Owner / Pitmaster,
For Greg Gatlin, James Beard Award finalist for Best Chef: Texas, there is no separating family and food. The already legendary Texas pitmaster and award-winning restaurateur probably could have done or been anything. A sharp mind, a quick, big laugh, a way of remembering everybody’s name––that’s Greg. But food and family: Those are the two things that have always mattered to him most.
As founder of internationally acclaimed Gatlin’s BBQ and recently opened sibling restaurant Gatlin’s Fins & Feathers, Greg smokes, grills, fries, and bakes to bring generations around the table.
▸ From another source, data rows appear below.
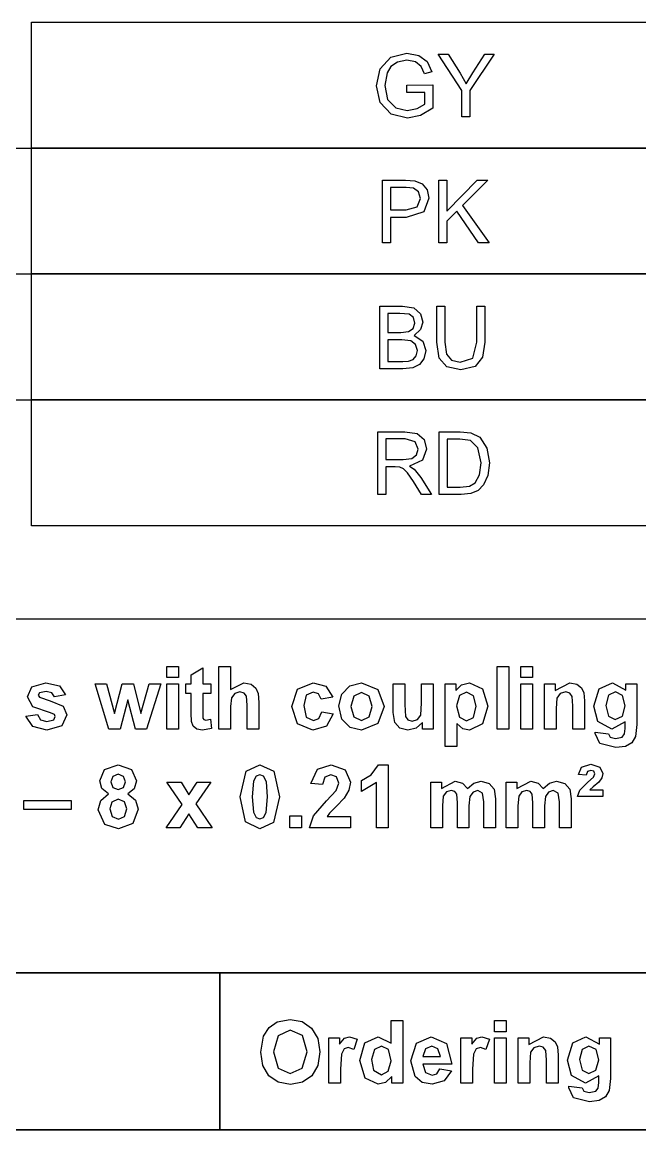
# Model space of a CAD drawing. Extents: x 22 to 299, y 7 to 289.
# Drawn here: x 114.3 to 134.2, y 69.43 to 105.1 of the extents above; entities that cross this region are included whole.
import ezdxf

# ---------------------------------------------------------------- set-up
doc = ezdxf.new("R2010")
doc.units = 0

msp = doc.modelspace()

# ---------------------------------------------------------------- linework, layer by layer
at = {"layer": '1'}
for p, q in [((114.601725, 105.104615), (140.242616, 105.104615)), ((114.601725, 101.050149), (114.601725, 105.104615)), ((114.602, 101.183), (114.602, 104.972883)), ((87.1569, 101.05), (114.601892, 101.05)), ((140.242616, 101.050149), (114.601725, 101.050149)), ((114.601725, 101.050149), (140.242616, 101.050149)), ((114.601725, 96.995331), (114.601725, 101.050149)), ((114.602, 101.05), (140.242891, 101.05)), ((114.602, 97.128), (114.602, 100.918236)), ((87.1569, 96.9957), (114.601892, 96.9957)), ((140.242616, 96.995331), (114.601725, 96.995331)), ((114.601725, 96.995331), (140.242616, 96.995331)), ((114.601725, 92.940865), (114.601725, 96.995331)), ((114.602, 96.9957), (140.242891, 96.9957)), ((114.602, 93.0733), (114.602, 96.863183)), ((87.1569, 92.941), (114.601892, 92.941)), ((140.242616, 92.940865), (114.601725, 92.940865)), ((114.601725, 92.940865), (140.242616, 92.940865)), ((114.601725, 88.886046), (114.601725, 92.940865)), ((114.602, 92.941), (140.242891, 92.941)), ((114.602, 88.8862), (114.602, 92.808727)), ((140.242616, 88.886046), (114.601725, 88.886046)), ((90.333137, 85.88603), (150.999492, 85.88603)), ((150.999492, 74.481455), (90.333137, 74.481455)), ((90.333137, 74.481455), (120.666315, 74.481455)), ((120.666315, 74.481455), (120.666315, 69.426866)), ((120.666315, 74.481455), (150.999492, 74.481455)), ((120.666315, 69.426866), (120.666315, 74.481455)), ((120.667, 69.5592), (120.667, 74.481497)), ((120.666315, 69.426866), (90.333137, 69.426866)), ((90.3332, 69.4269), (120.666378, 69.4269)), ((150.999492, 69.426866), (120.666315, 69.426866)), ((120.667, 69.4269), (151.132469, 69.4269))]:
    msp.add_line(p, q, dxfattribs=at)
at = {"layer": 'Layer 1'}
for p, q in [((125.834665, 103.600291), (126.179533, 103.980629)), ((126.179533, 103.980629), (126.696833, 104.104653)), ((126.69817, 103.875899), (126.39073, 103.819399)), ((126.696833, 104.104653), (127.080464, 104.032995)), ((126.968182, 103.822155), (126.69817, 103.875899)), ((127.080464, 104.032995), (127.350477, 103.835935)), ((127.350477, 103.835935), (127.49885, 103.505207)), ((128.463066, 102.905761), (127.707834, 104.070202)), ((127.707834, 104.070202), (128.023294, 104.070202)), ((128.023294, 104.070202), (128.409598, 103.461109)), ((129.504351, 104.070202), (128.722385, 102.905761)), ((128.822637, 103.476268), (129.202258, 104.070202)), ((129.202258, 104.070202), (129.504351, 104.070202)), ((125.7157, 103.050455), (125.834665, 103.600291)), ((126.057893, 103.473512), (125.983038, 103.066991)), ((126.180869, 103.673327), (126.057893, 103.473512)), ((126.39073, 103.819399), (126.180869, 103.673327)), ((127.155319, 103.681595), (126.968182, 103.822155)), ((127.264928, 103.439061), (127.155319, 103.681595)), ((127.49885, 103.505207), (127.264928, 103.439061)), ((128.608766, 103.119356), (128.822637, 103.476268)), ((128.409598, 103.461109), (128.608766, 103.119356)), ((125.836002, 102.511642), (125.7157, 103.050455)), ((125.983038, 103.066991), (126.072597, 102.614995)), ((126.69817, 103.079393), (127.528257, 103.080772)), ((126.69817, 102.842371), (126.69817, 103.079393)), ((127.274285, 102.842371), (126.69817, 102.842371)), ((127.274285, 102.466167), (127.274285, 102.842371)), ((127.528257, 103.080772), (127.528257, 102.33112)), ((128.463066, 102.05), (128.463066, 102.905761)), ((128.722385, 102.905761), (128.722385, 102.05)), ((126.191563, 102.142328), (125.836002, 102.511642)), ((126.072597, 102.614995), (126.335926, 102.3449)), ((127.031007, 102.322851), (127.274285, 102.466167)), ((126.716884, 102.015549), (126.191563, 102.142328)), ((126.335926, 102.3449), (126.70218, 102.256705)), ((126.70218, 102.256705), (127.031007, 102.322851)), ((127.133932, 102.094097), (126.716884, 102.015549)), ((127.528257, 102.33112), (127.133932, 102.094097)), ((128.722385, 102.05), (128.463066, 102.05)), ((125.908198, 97.9956), (125.908198, 100.015802)), ((125.908198, 100.015802), (126.64739, 100.015802)), ((126.64739, 100.015802), (126.945472, 99.996509)), ((126.945472, 99.996509), (127.187414, 99.901425)), ((127.187414, 99.901425), (127.343807, 99.707121)), ((127.72345, 97.9956), (127.72345, 100.015802)), ((127.72345, 100.015802), (127.982768, 100.015802)), ((127.982768, 100.015802), (127.982768, 99.013969)), ((127.982768, 99.013969), (128.955882, 100.015802)), ((129.307432, 100.015802), (128.485365, 99.197248)), ((128.955882, 100.015802), (129.307432, 100.015802)), ((126.668777, 99.777401), (126.167516, 99.777401)), ((126.167516, 99.777401), (126.167516, 99.05531)), ((126.910718, 99.759487), (126.668777, 99.777401)), ((127.073795, 99.639598), (126.910718, 99.759487)), ((127.13662, 99.423246), (127.073795, 99.639598)), ((127.343807, 99.707121), (127.403958, 99.431514)), ((127.031021, 99.151773), (127.13662, 99.423246)), ((127.403958, 99.431514), (127.244892, 98.994677)), ((128.485365, 99.197248), (129.343523, 97.9956)), ((126.167516, 99.05531), (126.674123, 99.05531)), ((127.244892, 98.994677), (126.670113, 98.81691)), ((126.674123, 99.05531), (127.031021, 99.151773)), ((128.303575, 99.018103), (127.982768, 98.695643)), ((129.001329, 97.9956), (128.303575, 99.018103)), ((126.670113, 98.81691), (126.167516, 98.81691)), ((126.167516, 98.81691), (126.167516, 97.9956)), ((127.982768, 98.695643), (127.982768, 97.9956)), ((126.167516, 97.9956), (125.908198, 97.9956)), ((127.982768, 97.9956), (127.72345, 97.9956)), ((129.343523, 97.9956), (129.001329, 97.9956)), ((125.821504, 93.9411), (125.821504, 95.961302)), ((125.821504, 95.961302), (126.556686, 95.961302)), ((126.472474, 95.722901), (126.080823, 95.722901)), ((126.080823, 95.722901), (126.080823, 95.112431)), ((126.770557, 95.693963), (126.472474, 95.722901)), ((126.556686, 95.961302), (126.916257, 95.89929)), ((126.904226, 95.589232), (126.770557, 95.693963)), ((126.916257, 95.89929), (127.128791, 95.710499)), ((127.128791, 95.710499), (127.206319, 95.444538)), ((127.662153, 94.794105), (127.662153, 95.961302)), ((127.662153, 95.961302), (127.921472, 95.961302)), ((127.921472, 95.961302), (127.921472, 94.795483)), ((128.944043, 95.961302), (129.203362, 95.961302)), ((128.944043, 94.795483), (128.944043, 95.961302)), ((129.203362, 95.961302), (129.203362, 94.794105)), ((126.900216, 95.236454), (126.951011, 95.412843)), ((126.951011, 95.412843), (126.904226, 95.589232)), ((127.206319, 95.444538), (127.138148, 95.200625)), ((126.080823, 95.112431), (126.504555, 95.112431)), ((126.504555, 95.112431), (126.751843, 95.135858)), ((126.751843, 95.135858), (126.900216, 95.236454)), ((127.138148, 95.200625), (126.932297, 95.015969)), ((126.932297, 95.015969), (127.204983, 94.83269)), ((126.533962, 94.874031), (126.080823, 94.874031)), ((126.080823, 94.874031), (126.080823, 94.1795)), ((126.820015, 94.83958), (126.533962, 94.874031)), ((126.976408, 94.722447), (126.820015, 94.83958)), ((127.032549, 94.526766), (126.976408, 94.722447)), ((127.204983, 94.83269), (127.301225, 94.526766)), ((127.737008, 94.286987), (127.662153, 94.794105)), ((127.921472, 94.795483), (127.968256, 94.406876)), ((128.822404, 94.281475), (128.944043, 94.795483)), ((129.203362, 94.794105), (129.136527, 94.310414)), ((126.74516, 94.189147), (126.89487, 94.244268)), ((126.89487, 94.244268), (126.993785, 94.355889)), ((126.993785, 94.355889), (127.032549, 94.526766)), ((127.24241, 94.262183), (127.099384, 94.07477)), ((127.301225, 94.526766), (127.24241, 94.262183)), ((127.98697, 94.00449), (127.737008, 94.286987)), ((127.968256, 94.406876), (128.131333, 94.215329)), ((128.131333, 94.215329), (128.414712, 94.147805)), ((128.414712, 94.147805), (128.822404, 94.281475)), ((129.136527, 94.310414), (128.894585, 94.01827)), ((126.568716, 93.9411), (125.821504, 93.9411)), ((126.080823, 94.1795), (126.568716, 94.1795)), ((126.568716, 94.1795), (126.74516, 94.189147)), ((126.884176, 93.974173), (126.568716, 93.9411)), ((127.099384, 94.07477), (126.884176, 93.974173)), ((128.437436, 93.906649), (127.98697, 94.00449)), ((128.894585, 94.01827), (128.437436, 93.906649)), ((125.761208, 89.8864), (125.761208, 91.906602)), ((125.761208, 91.906602), (126.630059, 91.906602)), ((126.630059, 91.906602), (127.028394, 91.85148)), ((127.028394, 91.85148), (127.246275, 91.659933)), ((127.733708, 89.8864), (127.733708, 91.906602)), ((127.733708, 91.906602), (128.408739, 91.906602)), ((128.408739, 91.906602), (128.757616, 91.877663)), ((128.757616, 91.877663), (129.045005, 91.732969)), ((129.045005, 91.732969), (129.276253, 91.387082)), ((126.640753, 91.68336), (126.020526, 91.68336)), ((126.020526, 91.68336), (126.020526, 91.015012)), ((126.958886, 91.591031), (126.640753, 91.68336)), ((127.060474, 91.355387), (126.958886, 91.591031)), ((127.008343, 91.173486), (127.060474, 91.355387)), ((127.327813, 91.355387), (127.192807, 90.992963)), ((127.246275, 91.659933), (127.327813, 91.355387)), ((128.404729, 91.668201), (127.993027, 91.668201)), ((127.993027, 91.668201), (127.993027, 90.1248)), ((128.740239, 91.62686), (128.404729, 91.668201)), ((128.984854, 91.398106), (128.740239, 91.62686)), ((129.086443, 90.911659), (128.984854, 91.398106)), ((129.276253, 91.387082), (129.353782, 90.907525)), ((126.020526, 91.015012), (126.577928, 91.015012)), ((126.577928, 91.015012), (126.85596, 91.052219)), ((127.192807, 90.992963), (126.775759, 90.80555)), ((126.85596, 91.052219), (127.008343, 91.173486)), ((126.321283, 90.783502), (126.020526, 90.783502)), ((126.020526, 90.783502), (126.020526, 89.8864)), ((126.465646, 90.773856), (126.321283, 90.783502)), ((126.583275, 90.720112), (126.465646, 90.773856)), ((126.715607, 90.585065), (126.583275, 90.720112)), ((126.775759, 90.80555), (126.932152, 90.704954)), ((126.932152, 90.704954), (127.14736, 90.436237)), ((129.034312, 90.521675), (129.086443, 90.911659)), ((129.353782, 90.907525), (129.301651, 90.499626)), ((126.902745, 90.306701), (126.715607, 90.585065)), ((127.162063, 89.8864), (126.902745, 90.306701)), ((127.14736, 90.436237), (127.488217, 89.8864)), ((128.714842, 90.162007), (128.891285, 90.266738)), ((128.891285, 90.266738), (129.034312, 90.521675)), ((129.301651, 90.499626), (129.167981, 90.204727)), ((127.993027, 90.1248), (128.411412, 90.1248)), ((128.411412, 90.1248), (128.714842, 90.162007)), ((128.754943, 89.920851), (128.44082, 89.8864)), ((128.988864, 90.021448), (128.754943, 89.920851)), ((129.167981, 90.204727), (128.988864, 90.021448)), ((126.020526, 89.8864), (125.761208, 89.8864)), ((127.488217, 89.8864), (127.162063, 89.8864)), ((128.44082, 89.8864), (127.733708, 89.8864)), ((118.960299, 83.993612), (118.960299, 84.351902)), ((118.960299, 84.351902), (119.335911, 84.351902)), ((119.335911, 84.351902), (119.335911, 83.993612)), ((119.738719, 84.085941), (120.115667, 84.311939)), ((120.115667, 84.311939), (120.115667, 83.795175)), ((120.631604, 82.3317), (120.631604, 84.351902)), ((120.631604, 84.351902), (121.007215, 84.351902)), ((121.007215, 84.351902), (121.007215, 83.60914)), ((129.606632, 82.3317), (129.606632, 84.351902)), ((129.606632, 84.351902), (129.982241, 84.351902)), ((129.982241, 84.351902), (129.982241, 82.3317)), ((130.367671, 83.993612), (130.367671, 84.351902)), ((130.367671, 84.351902), (130.743279, 84.351902)), ((130.743279, 84.351902), (130.743279, 83.993612)), ((119.335911, 83.993612), (118.960299, 83.993612)), ((119.738719, 83.795175), (119.738719, 84.085941)), ((130.743279, 83.993612), (130.367671, 83.993612)), ((114.467171, 83.379008), (114.612871, 83.698712)), ((114.612871, 83.698712), (115.064673, 83.828248)), ((114.858822, 83.507165), (114.816048, 83.428617)), ((115.071357, 83.549884), (114.858822, 83.507165)), ((115.064673, 83.828248), (115.497762, 83.730407)), ((115.251811, 83.504409), (115.071357, 83.549884)), ((115.338696, 83.373496), (115.251811, 83.504409)), ((115.497762, 83.730407), (115.692919, 83.441019)), ((117.095152, 82.3317), (116.646023, 83.795175)), ((116.646023, 83.795175), (117.01094, 83.795175)), ((117.01094, 83.795175), (117.276943, 82.836061)), ((117.276943, 82.836061), (117.521558, 83.795175)), ((117.521558, 83.795175), (117.883802, 83.795175)), ((117.883802, 83.795175), (118.120397, 82.836061)), ((118.120397, 82.836061), (118.391746, 83.795175)), ((118.76201, 83.795175), (118.306197, 82.3317)), ((118.391746, 83.795175), (118.76201, 83.795175)), ((118.960299, 82.3317), (118.960299, 83.795175)), ((118.960299, 83.795175), (119.335911, 83.795175)), ((119.335911, 83.795175), (119.335911, 82.3317)), ((119.566286, 83.486495), (119.566286, 83.795175)), ((119.566286, 83.795175), (119.738719, 83.795175)), ((119.738719, 83.486495), (119.566286, 83.486495)), ((119.738719, 82.848464), (119.738719, 83.486495)), ((120.372308, 83.486495), (120.115663, 83.486495)), ((120.115663, 83.486495), (120.115663, 82.896695)), ((120.115667, 83.795175), (120.372308, 83.795175)), ((120.372308, 83.795175), (120.372308, 83.486495)), ((121.007215, 83.60914), (121.441641, 83.828248)), ((121.315991, 83.53197), (121.148904, 83.485117)), ((121.450997, 83.494763), (121.315991, 83.53197)), ((121.441641, 83.828248), (121.675562, 83.778638)), ((121.527189, 83.396922), (121.450997, 83.494763)), ((121.675562, 83.778638), (121.831955, 83.651859)), ((121.831955, 83.651859), (121.904137, 83.480983)), ((122.983748, 83.062059), (123.169549, 83.625676)), ((123.169549, 83.625676), (123.672146, 83.828248)), ((123.677493, 83.523702), (123.452928, 83.423105)), ((123.672146, 83.828248), (124.083848, 83.712493)), ((123.84859, 83.465824), (123.677493, 83.523702)), ((124.083848, 83.712493), (124.304402, 83.362471)), ((124.594048, 83.457556), (124.854703, 83.733163)), ((124.854703, 83.733163), (125.232987, 83.828248)), ((125.234324, 83.512677), (124.987036, 83.396922)), ((125.232987, 83.828248), (125.760982, 83.611896)), ((125.480276, 83.396922), (125.234324, 83.512677)), ((125.760982, 83.611896), (125.966833, 83.067572)), ((126.253325, 82.869134), (126.253325, 83.795175)), ((126.253325, 83.795175), (126.628936, 83.795175)), ((126.628936, 83.795175), (126.628936, 83.122693)), ((127.168973, 83.177814), (127.168973, 83.795175)), ((127.168973, 83.795175), (127.544585, 83.795175)), ((127.544585, 83.795175), (127.544585, 82.3317)), ((127.923293, 83.795175), (128.273505, 83.795175)), ((127.923293, 81.774973), (127.923293, 83.795175)), ((128.273505, 83.795175), (128.273505, 83.580201)), ((128.273505, 83.580201), (128.457969, 83.759346)), ((128.614362, 83.522324), (128.385787, 83.412081)), ((128.457969, 83.759346), (128.715951, 83.828248)), ((128.836255, 83.410703), (128.614362, 83.522324)), ((128.715951, 83.828248), (129.135675, 83.628432)), ((129.135675, 83.628432), (129.308109, 83.071706)), ((130.367671, 82.3317), (130.367671, 83.795175)), ((130.367671, 83.795175), (130.743279, 83.795175)), ((130.743279, 83.795175), (130.743279, 82.3317)), ((131.126025, 82.3317), (131.126025, 83.795175)), ((131.126025, 83.795175), (131.4749, 83.795175)), ((131.4749, 83.580201), (131.942742, 83.828248)), ((131.4749, 83.795175), (131.4749, 83.580201)), ((131.81176, 83.53197), (131.636652, 83.476848)), ((131.941419, 83.493385), (131.81176, 83.53197)), ((132.020283, 83.38452), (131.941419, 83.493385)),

In 2010, Greg launched Gatlin’s BBQ with his parents, and the brisket alone has achieved folkloric renown. Greg learned to smoke a brisket from his father, and today’s recipe is rooted in those early hours of tutelage by the pit. The restaurant has become revered for its dependability: Ribs, sausage, dirty rice, a burger––it is all, always, sublime. Food Network, Texas Monthly, the Houston Chronicle, and others have heaped accolades on the family-owned and operated gem.
Introduced in 2022, Gatlin’s Fins & Feathers is a neighborhood joint offering plates of comforting Americana: fried yard bird, fresh Gulf seafood, and more. Just days into the restaurant’s operation, Thrillist pointed to Fins & Feathers as one of Houston’s best spots for fried chicken, and then followed that nod with inclusion in its ranking of the city’s best seafood.
A Houston native, Greg grew up in historic Independence Heights and attended Rice University, where he also played football. Today, Greg lives with his wife and children not far from his childhood home. You’ll find him in his restaurants just about every day, greeting guests, working with his family, and prepping some of the best food in the country, usually with a giant grin.